The Australian Securities & Investments Commission has said it is working with large institutions and the Australian Financial Markets Association to ensure markets remain open during the coronavirus outbreak.
ASIC Commissioner Cathie Armour has already met with the International of Securities Commissions to talk about “potential market impacts” while the regulator has also set up a working group to monitor the threat.
On Wednesday, CBA chief Matt Comyn sent a note to staff outlining the uncertain path forward through the coronavirus following the impact of the drought and bushfires, telling them the bank was working with health authorities to guard their safety.
CBA’s staff in China are working from home, while employees in its critical functions teams in Singapore are split, with half working from home and the other half in the office. Hong Kong employees are also mostly working from home. Across the whole bank, about 80 per cent of its employees are in the office.
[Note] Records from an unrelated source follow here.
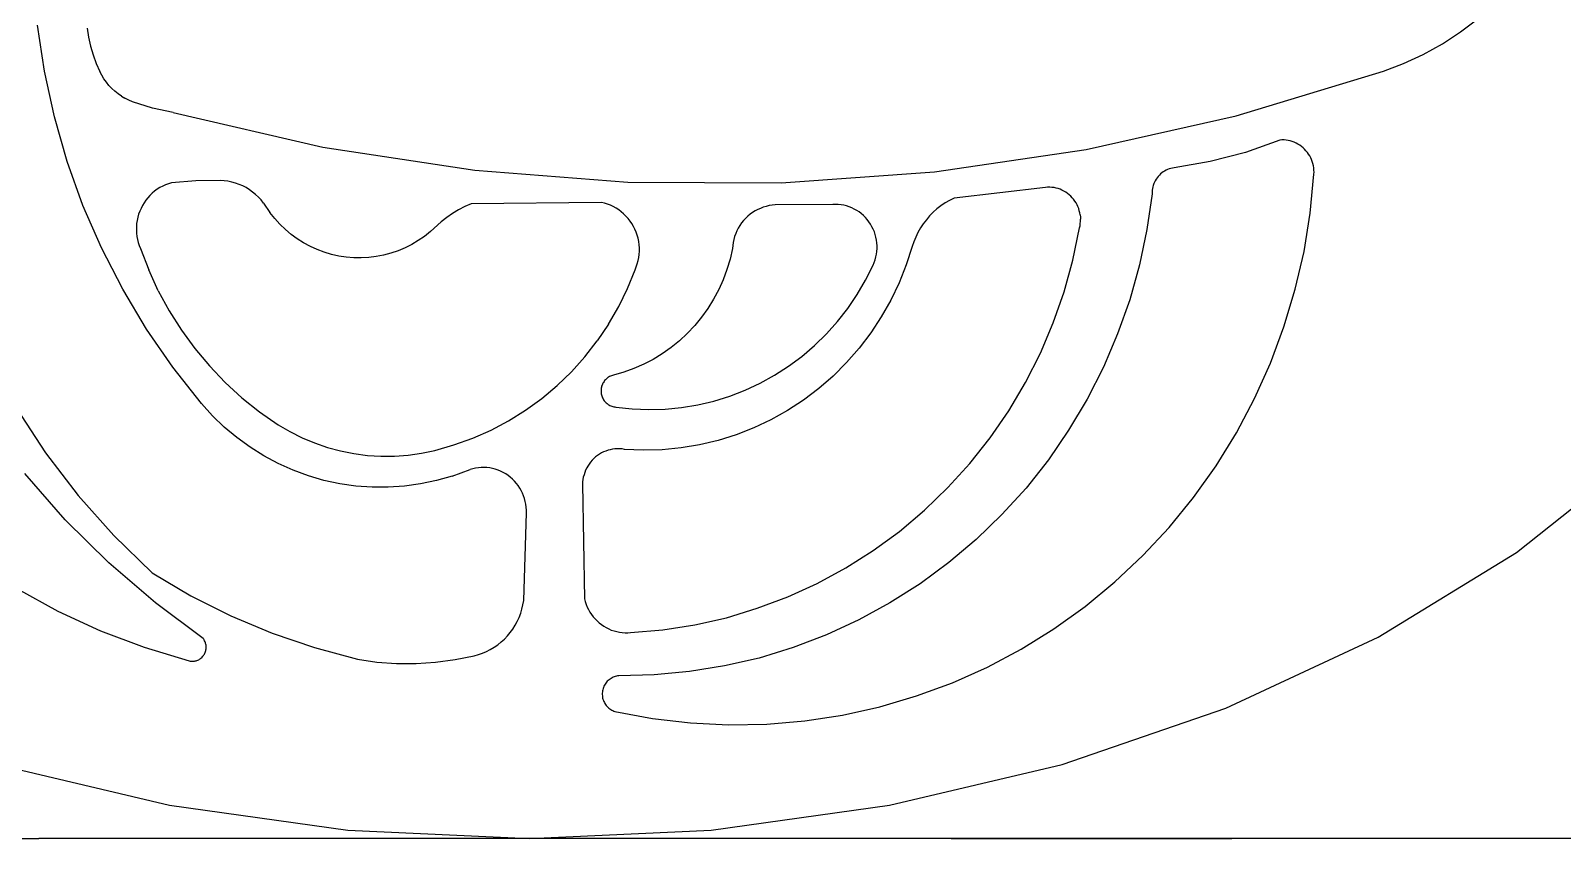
# Model space of a CAD drawing. Extents: x 396092 to 455492, y 17293 to 132793.
# Drawn here: x 421560.1 to 421668, y 46245.8 to 46302.6 of the extents above; entities that cross this region are included whole.
import ezdxf

# ---------------------------------------------------------------- set-up
doc = ezdxf.new("R2010")
doc.units = 0
doc.header["$LTSCALE"] = 1000
doc.header["$MEASUREMENT"] = 0
doc.layers.add('MU', color=34, linetype='Continuous')

msp = doc.modelspace()

# ---------------------------------------------------------------- linework, layer by layer
at = {"layer": 'MU', "color": 37}
for p, q in [((421660.78, 46302.54), (421662.01, 46303.46)), ((421561.08, 46299.78), (421560.59, 46303.02)), ((421564.09, 46302.8), (421564.19, 46302.17)), ((421659.5, 46301.7), (421660.78, 46302.54)), ((421564.19, 46302.17), (421564.33, 46301.54)), ((421564.33, 46301.54), (421564.51, 46300.93)), ((421658.16, 46300.96), (421659.5, 46301.7)), ((421564.51, 46300.93), (421564.73, 46300.33)), ((421564.73, 46300.33), (421564.99, 46299.75)), ((421655.35, 46299.78), (421656.77, 46300.32)), ((421656.77, 46300.32), (421658.16, 46300.96)), ((421561.78, 46296.57), (421561.08, 46299.78)), ((421565.12, 46299.49), (421564.99, 46299.75)), ((421565.27, 46299.24), (421565.12, 46299.49)), ((421565.44, 46299), (421565.27, 46299.24)), ((421644.99, 46296.63), (421655.35, 46299.78)), ((421565.62, 46298.77), (421565.44, 46299)), ((421565.82, 46298.56), (421565.62, 46298.77)), ((421566.04, 46298.36), (421565.82, 46298.56)), ((421566.26, 46298.18), (421566.04, 46298.36)), ((421566.5, 46298.01), (421566.26, 46298.18)), ((421566.5, 46298.01), (421566.75, 46297.87)), ((421567.01, 46297.74), (421566.75, 46297.87)), ((421567.27, 46297.63), (421567.01, 46297.74)), ((421568.69, 46297.18), (421567.27, 46297.63)), ((421570.14, 46296.87), (421568.69, 46297.18)), ((421562.69, 46293.42), (421561.78, 46296.57)), ((421570.14, 46296.87), (421580.68, 46294.44)), ((421634.43, 46294.26), (421644.99, 46296.63)), ((421648.07, 46294.93), (421645.64, 46294.06)), ((421648.21, 46294.94), (421648.07, 46294.93)), ((421648.36, 46294.94), (421648.21, 46294.94)), ((421648.5, 46294.92), (421648.36, 46294.94)), ((421648.65, 46294.9), (421648.5, 46294.92)), ((421648.79, 46294.87), (421648.65, 46294.9)), ((421648.93, 46294.83), (421648.79, 46294.87)), ((421649.07, 46294.77), (421648.93, 46294.83)), ((421580.68, 46294.44), (421591.37, 46292.8)), ((421623.74, 46292.69), (421634.43, 46294.26)), ((421645.64, 46294.06), (421643.15, 46293.41)), ((421649.2, 46294.71), (421649.07, 46294.77)), ((421649.33, 46294.64), (421649.2, 46294.71)), ((421649.46, 46294.57), (421649.33, 46294.64)), ((421649.58, 46294.48), (421649.46, 46294.57)), ((421649.69, 46294.39), (421649.58, 46294.48)), ((421649.8, 46294.29), (421649.69, 46294.39)), ((421649.9, 46294.18), (421649.8, 46294.29)), ((421650, 46294.06), (421649.9, 46294.18)), ((421650.08, 46293.94), (421650, 46294.06)), ((421650.16, 46293.82), (421650.08, 46293.94)), ((421650.23, 46293.68), (421650.16, 46293.82)), ((421563.79, 46290.33), (421562.69, 46293.42)), ((421591.37, 46292.8), (421602.15, 46291.96)), ((421612.95, 46291.92), (421623.74, 46292.69)), ((421639.85, 46292.69), (421639.76, 46292.62)), ((421639.95, 46292.75), (421639.85, 46292.69)), ((421640.06, 46292.81), (421639.95, 46292.75)), ((421640.16, 46292.85), (421640.06, 46292.81)), ((421640.27, 46292.9), (421640.16, 46292.85)), ((421640.39, 46292.93), (421640.27, 46292.9)), ((421640.5, 46292.96), (421640.39, 46292.93)), ((421640.62, 46292.98), (421640.5, 46292.96)), ((421643.15, 46293.41), (421640.62, 46292.98)), ((421650.29, 46293.55), (421650.23, 46293.68)), ((421650.34, 46293.41), (421650.29, 46293.55)), ((421650.39, 46293.27), (421650.34, 46293.41)), ((421650.42, 46293.12), (421650.39, 46293.27)), ((421650.45, 46292.97), (421650.42, 46293.12)), ((421650.46, 46292.82), (421650.45, 46292.97)), ((421650.47, 46292.68), (421650.46, 46292.82)), ((421650.46, 46292.53), (421650.47, 46292.68)), ((421569.41, 46291.68), (421569.21, 46291.58)), ((421569.61, 46291.77), (421569.41, 46291.68)), ((421569.81, 46291.85), (421569.61, 46291.77)), ((421570.02, 46291.91), (421569.81, 46291.85)), ((421571.74, 46292.05), (421570.02, 46291.91)), ((421573.46, 46292.08), (421571.74, 46292.05)), ((421573.73, 46292.06), (421573.46, 46292.08)), ((421574, 46292.03), (421573.73, 46292.06)), ((421574.27, 46291.97), (421574, 46292.03)), ((421574.53, 46291.9), (421574.27, 46291.97)), ((421574.79, 46291.81), (421574.53, 46291.9)), ((421575.04, 46291.7), (421574.79, 46291.81)), ((421575.28, 46291.58), (421575.04, 46291.7)), ((421602.15, 46291.96), (421612.95, 46291.92)), ((421631.56, 46291.6), (421625.12, 46290.84)), ((421631.71, 46291.61), (421631.56, 46291.6)), ((421631.86, 46291.61), (421631.71, 46291.61)), ((421632.01, 46291.6), (421631.86, 46291.61)), ((421632.16, 46291.58), (421632.01, 46291.6)), ((421639.12, 46291.63), (421639.09, 46291.51)), ((421639.15, 46291.74), (421639.12, 46291.63)), ((421639.19, 46291.86), (421639.15, 46291.74)), ((421639.24, 46291.97), (421639.19, 46291.86)), ((421639.29, 46292.07), (421639.24, 46291.97)), ((421639.36, 46292.18), (421639.29, 46292.07)), ((421639.42, 46292.27), (421639.36, 46292.18)), ((421639.5, 46292.37), (421639.42, 46292.27)), ((421639.58, 46292.46), (421639.5, 46292.37)), ((421639.66, 46292.54), (421639.58, 46292.46)), ((421639.76, 46292.62), (421639.66, 46292.54)), ((421650.2, 46289.79), (421650.46, 46292.53)), ((421568.09, 46290.51), (421567.98, 46290.32)), ((421568.22, 46290.7), (421568.09, 46290.51)), ((421568.36, 46290.87), (421568.22, 46290.7)), ((421568.51, 46291.03), (421568.36, 46290.87)), ((421568.67, 46291.19), (421568.51, 46291.03)), ((421568.84, 46291.33), (421568.67, 46291.19)), ((421569.02, 46291.46), (421568.84, 46291.33)), ((421569.21, 46291.58), (421569.02, 46291.46)), ((421575.51, 46291.43), (421575.28, 46291.58)), ((421575.73, 46291.27), (421575.51, 46291.43)), ((421575.95, 46291.1), (421575.73, 46291.27)), ((421576.14, 46290.91), (421575.95, 46291.1)), ((421576.33, 46290.71), (421576.14, 46290.91)), ((421576.5, 46290.49), (421576.33, 46290.71)), ((421600.29, 46290.54), (421591.12, 46290.44)), ((421600.51, 46290.49), (421600.29, 46290.54)), ((421624.8, 46290.68), (421624.5, 46290.5)), ((421625.12, 46290.84), (421624.8, 46290.68)), ((421632.3, 46291.55), (421632.16, 46291.58)), ((421632.45, 46291.51), (421632.3, 46291.55)), ((421632.59, 46291.46), (421632.45, 46291.51)), ((421632.72, 46291.4), (421632.59, 46291.46)), ((421632.86, 46291.33), (421632.72, 46291.4)), ((421632.98, 46291.26), (421632.86, 46291.33)), ((421633.11, 46291.17), (421632.98, 46291.26)), ((421633.23, 46291.08), (421633.11, 46291.17)), ((421633.34, 46290.98), (421633.23, 46291.08)), ((421633.44, 46290.87), (421633.34, 46290.98)), ((421633.54, 46290.76), (421633.44, 46290.87)), ((421633.63, 46290.63), (421633.54, 46290.76)), ((421633.71, 46290.51), (421633.63, 46290.63)), ((421639.06, 46291.15), (421638.7, 46288.63)), ((421639.07, 46291.39), (421639.06, 46291.27)), ((421639.06, 46291.27), (421639.06, 46291.15)), ((421639.09, 46291.51), (421639.07, 46291.39)), ((421565.09, 46287.33), (421563.79, 46290.33)), ((421567.65, 46289.49), (421567.6, 46289.27)), ((421567.71, 46289.71), (421567.65, 46289.49)), ((421567.79, 46289.92), (421567.71, 46289.71)), ((421567.88, 46290.12), (421567.79, 46289.92)), ((421567.98, 46290.32), (421567.88, 46290.12)), ((421576.5, 46290.49), (421576.96, 46289.82)), ((421577.3, 46289.4), (421576.96, 46289.82)), ((421589.4, 46289.48), (421589.02, 46289.18)), ((421589.81, 46289.77), (421589.4, 46289.48)), ((421590.23, 46290.02), (421589.81, 46289.77)), ((421590.67, 46290.24), (421590.23, 46290.02)), ((421591.12, 46290.44), (421590.67, 46290.24)), ((421600.72, 46290.42), (421600.51, 46290.49)), ((421600.93, 46290.34), (421600.72, 46290.42)), ((421601.13, 46290.24), (421600.93, 46290.34)), ((421601.33, 46290.14), (421601.13, 46290.24)), ((421601.51, 46290.02), (421601.33, 46290.14)), ((421601.69, 46289.88), (421601.51, 46290.02)), ((421601.86, 46289.74), (421601.69, 46289.88)), ((421602.02, 46289.58), (421601.86, 46289.74)), ((421602.17, 46289.41), (421602.02, 46289.58)), ((421610.6, 46289.56), (421610.44, 46289.41)), ((421610.76, 46289.7), (421610.6, 46289.56)), ((421610.93, 46289.82), (421610.76, 46289.7)), ((421611.11, 46289.94), (421610.93, 46289.82)), ((421611.3, 46290.04), (421611.11, 46289.94)), ((421611.49, 46290.12), (421611.3, 46290.04)), ((421611.69, 46290.2), (421611.49, 46290.12)), ((421611.89, 46290.26), (421611.69, 46290.2)), ((421612.1, 46290.31), (421611.89, 46290.26)), ((421612.31, 46290.34), (421612.1, 46290.31)), ((421612.52, 46290.36), (421612.31, 46290.34)), ((421616.58, 46290.4), (421612.52, 46290.36)), ((421616.77, 46290.4), (421616.58, 46290.4)), ((421616.97, 46290.4), (421616.77, 46290.4)), ((421617.17, 46290.37), (421616.97, 46290.4)), ((421617.36, 46290.34), (421617.17, 46290.37)), ((421617.55, 46290.29), (421617.36, 46290.34)), ((421617.74, 46290.23), (421617.55, 46290.29)), ((421617.92, 46290.16), (421617.74, 46290.23)), ((421618.1, 46290.07), (421617.92, 46290.16)), ((421618.27, 46289.98), (421618.1, 46290.07)), ((421618.43, 46289.87), (421618.27, 46289.98)), ((421618.59, 46289.75), (421618.43, 46289.87)), ((421618.74, 46289.62), (421618.59, 46289.75)), ((421618.88, 46289.48), (421618.74, 46289.62)), ((421619.01, 46289.33), (421618.88, 46289.48)), ((421623.4, 46289.6), (421623.17, 46289.32)), ((421623.65, 46289.85), (421623.4, 46289.6)), ((421623.92, 46290.09), (421623.65, 46289.85)), ((421624.2, 46290.3), (421623.92, 46290.09)), ((421624.5, 46290.5), (421624.2, 46290.3)), ((421633.78, 46290.37), (421633.71, 46290.51)), ((421633.84, 46290.24), (421633.78, 46290.37)), ((421633.9, 46290.1), (421633.84, 46290.24)), ((421633.94, 46289.95), (421633.9, 46290.1)), ((421633.98, 46289.8), (421633.94, 46289.95)), ((421634.01, 46289.66), (421633.98, 46289.8)), ((421634.01, 46289.66), (421634.02, 46289.5)), ((421634.02, 46289.5), (421634.03, 46289.35)), ((421649.76, 46287.09), (421650.2, 46289.79)), ((421567.57, 46289.05), (421567.55, 46288.82)), ((421567.55, 46288.82), (421567.55, 46288.6)), ((421567.55, 46288.6), (421567.56, 46288.37)), ((421567.56, 46288.37), (421567.59, 46288.15)), ((421567.6, 46289.27), (421567.57, 46289.05)), ((421577.66, 46289.01), (421577.3, 46289.4)), ((421578.04, 46288.63), (421577.66, 46289.01)), ((421578.45, 46288.29), (421578.04, 46288.63)), ((421588.26, 46288.48), (421587.84, 46288.15)), ((421588.26, 46288.48), (421589.02, 46289.18)), ((421602.31, 46289.23), (421602.17, 46289.41)), ((421602.44, 46289.05), (421602.31, 46289.23)), ((421602.55, 46288.85), (421602.44, 46289.05)), ((421602.65, 46288.65), (421602.55, 46288.85)), ((421602.74, 46288.44), (421602.65, 46288.65)), ((421602.81, 46288.23), (421602.74, 46288.44)), ((421609.83, 46288.54), (421609.75, 46288.34)), ((421609.93, 46288.73), (421609.83, 46288.54)), ((421610.04, 46288.91), (421609.93, 46288.73)), ((421610.16, 46289.09), (421610.04, 46288.91)), ((421610.3, 46289.26), (421610.16, 46289.09)), ((421610.44, 46289.41), (421610.3, 46289.26)), ((421619.13, 46289.17), (421619.01, 46289.33)), ((421619.24, 46289.01), (421619.13, 46289.17)), ((421619.34, 46288.83), (421619.24, 46289.01)), ((421619.43, 46288.65), (421619.34, 46288.83)), ((421619.51, 46288.47), (421619.43, 46288.65)), ((421619.57, 46288.28), (421619.51, 46288.47)), ((421622.58, 46288.43), (421622.42, 46288.1)), ((421622.76, 46288.74), (421622.58, 46288.43)), ((421622.95, 46289.04), (421622.76, 46288.74)), ((421623.17, 46289.32), (421622.95, 46289.04)), ((421633.49, 46286.48), (421633.96, 46288.75)), ((421633.96, 46288.75), (421633.99, 46288.9)), ((421633.99, 46288.9), (421634.01, 46289.05)), ((421634.01, 46289.05), (421634.03, 46289.2)), ((421634.03, 46289.2), (421634.03, 46289.35)), ((421638.7, 46288.63), (421638.18, 46286.14)), ((421566.59, 46284.42), (421565.09, 46287.33)), ((421567.59, 46288.15), (421567.63, 46287.93)), ((421567.63, 46287.93), (421567.69, 46287.71)), ((421567.69, 46287.71), (421567.76, 46287.5)), ((421567.76, 46287.5), (421567.84, 46287.29)), ((421567.84, 46287.29), (421568.42, 46285.79)), ((421578.88, 46287.98), (421578.45, 46288.29)), ((421579.33, 46287.69), (421578.88, 46287.98)), ((421579.8, 46287.44), (421579.33, 46287.69)), ((421580.28, 46287.22), (421579.8, 46287.44)), ((421586.47, 46287.34), (421585.98, 46287.14)), ((421586.94, 46287.58), (421586.47, 46287.34)), ((421587.4, 46287.85), (421586.94, 46287.58)), ((421587.84, 46288.15), (421587.4, 46287.85)), ((421602.87, 46288.01), (421602.81, 46288.23)), ((421602.92, 46287.79), (421602.87, 46288.01)), ((421602.95, 46287.56), (421602.92, 46287.79)), ((421602.97, 46287.34), (421602.95, 46287.56)), ((421602.97, 46287.11), (421602.97, 46287.34)), ((421609.52, 46287.29), (421609.35, 46286.54)), ((421609.54, 46287.51), (421609.52, 46287.29)), ((421609.57, 46287.72), (421609.54, 46287.51)), ((421609.61, 46287.93), (421609.57, 46287.72)), ((421609.67, 46288.14), (421609.61, 46287.93)), ((421609.75, 46288.34), (421609.67, 46288.14)), ((421619.62, 46288.09), (421619.57, 46288.28)), ((421619.66, 46287.89), (421619.62, 46288.09)), ((421619.68, 46287.69), (421619.66, 46287.89)), ((421619.7, 46287.49), (421619.68, 46287.69)), ((421619.68, 46287.09), (421619.7, 46287.29)), ((421619.7, 46287.29), (421619.7, 46287.49)), ((421622.18, 46287.43), (421621.76, 46286.14)), ((421622.29, 46287.77), (421622.18, 46287.43)), ((421622.42, 46288.1), (421622.29, 46287.77)), ((421580.78, 46287.03), (421580.28, 46287.22)), ((421581.29, 46286.88), (421580.78, 46287.03)), ((421581.81, 46286.76), (421581.29, 46286.88)), ((421582.33, 46286.68), (421581.81, 46286.76)), ((421582.86, 46286.64), (421582.33, 46286.68)), ((421583.39, 46286.63), (421582.86, 46286.64)), ((421583.92, 46286.66), (421583.39, 46286.63)), ((421584.44, 46286.73), (421583.92, 46286.66)), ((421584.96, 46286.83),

By Wednesday night, Frydenberg joined a conference call with the International Monetary Fund, as it announced it was making $US50bn available for poorer countries to help them weather the crisis. The local sharemarket had just tumbled 1.7 per cent in a day, following Wall Street lower after the surprise US Fed rate cut.
That same evening, RBA deputy governor Guy Debelle had made the trip down to Canberra, where he warned politicians the central bank was almost out of monetary policy ammunition as the cash rate headed towards zero.
“We’ve got the capacity to reduce rates one more time,” Debelle said. “We have one interest rate cut left.” At that point, the central bank is expected to embark on a unconventional monetary policy program.
By Thursday, the Treasurer was speaking to his state and territory counterparts on a phone hook-up, following meetings of the Expenditure Review Committee to discuss a stimulus program.
On Thursday, Standard & Poor’s credit analyst Anthony Walker warned state economies were vulnerable to the “negative effects of the widening COVID-19 epidemic”. Westpac economist Elliot Clarke on Friday said the risks associated with the virus were constantly evolving. “What was initially seen as a China-centric shock is now certainly a global concern,” Clarke said.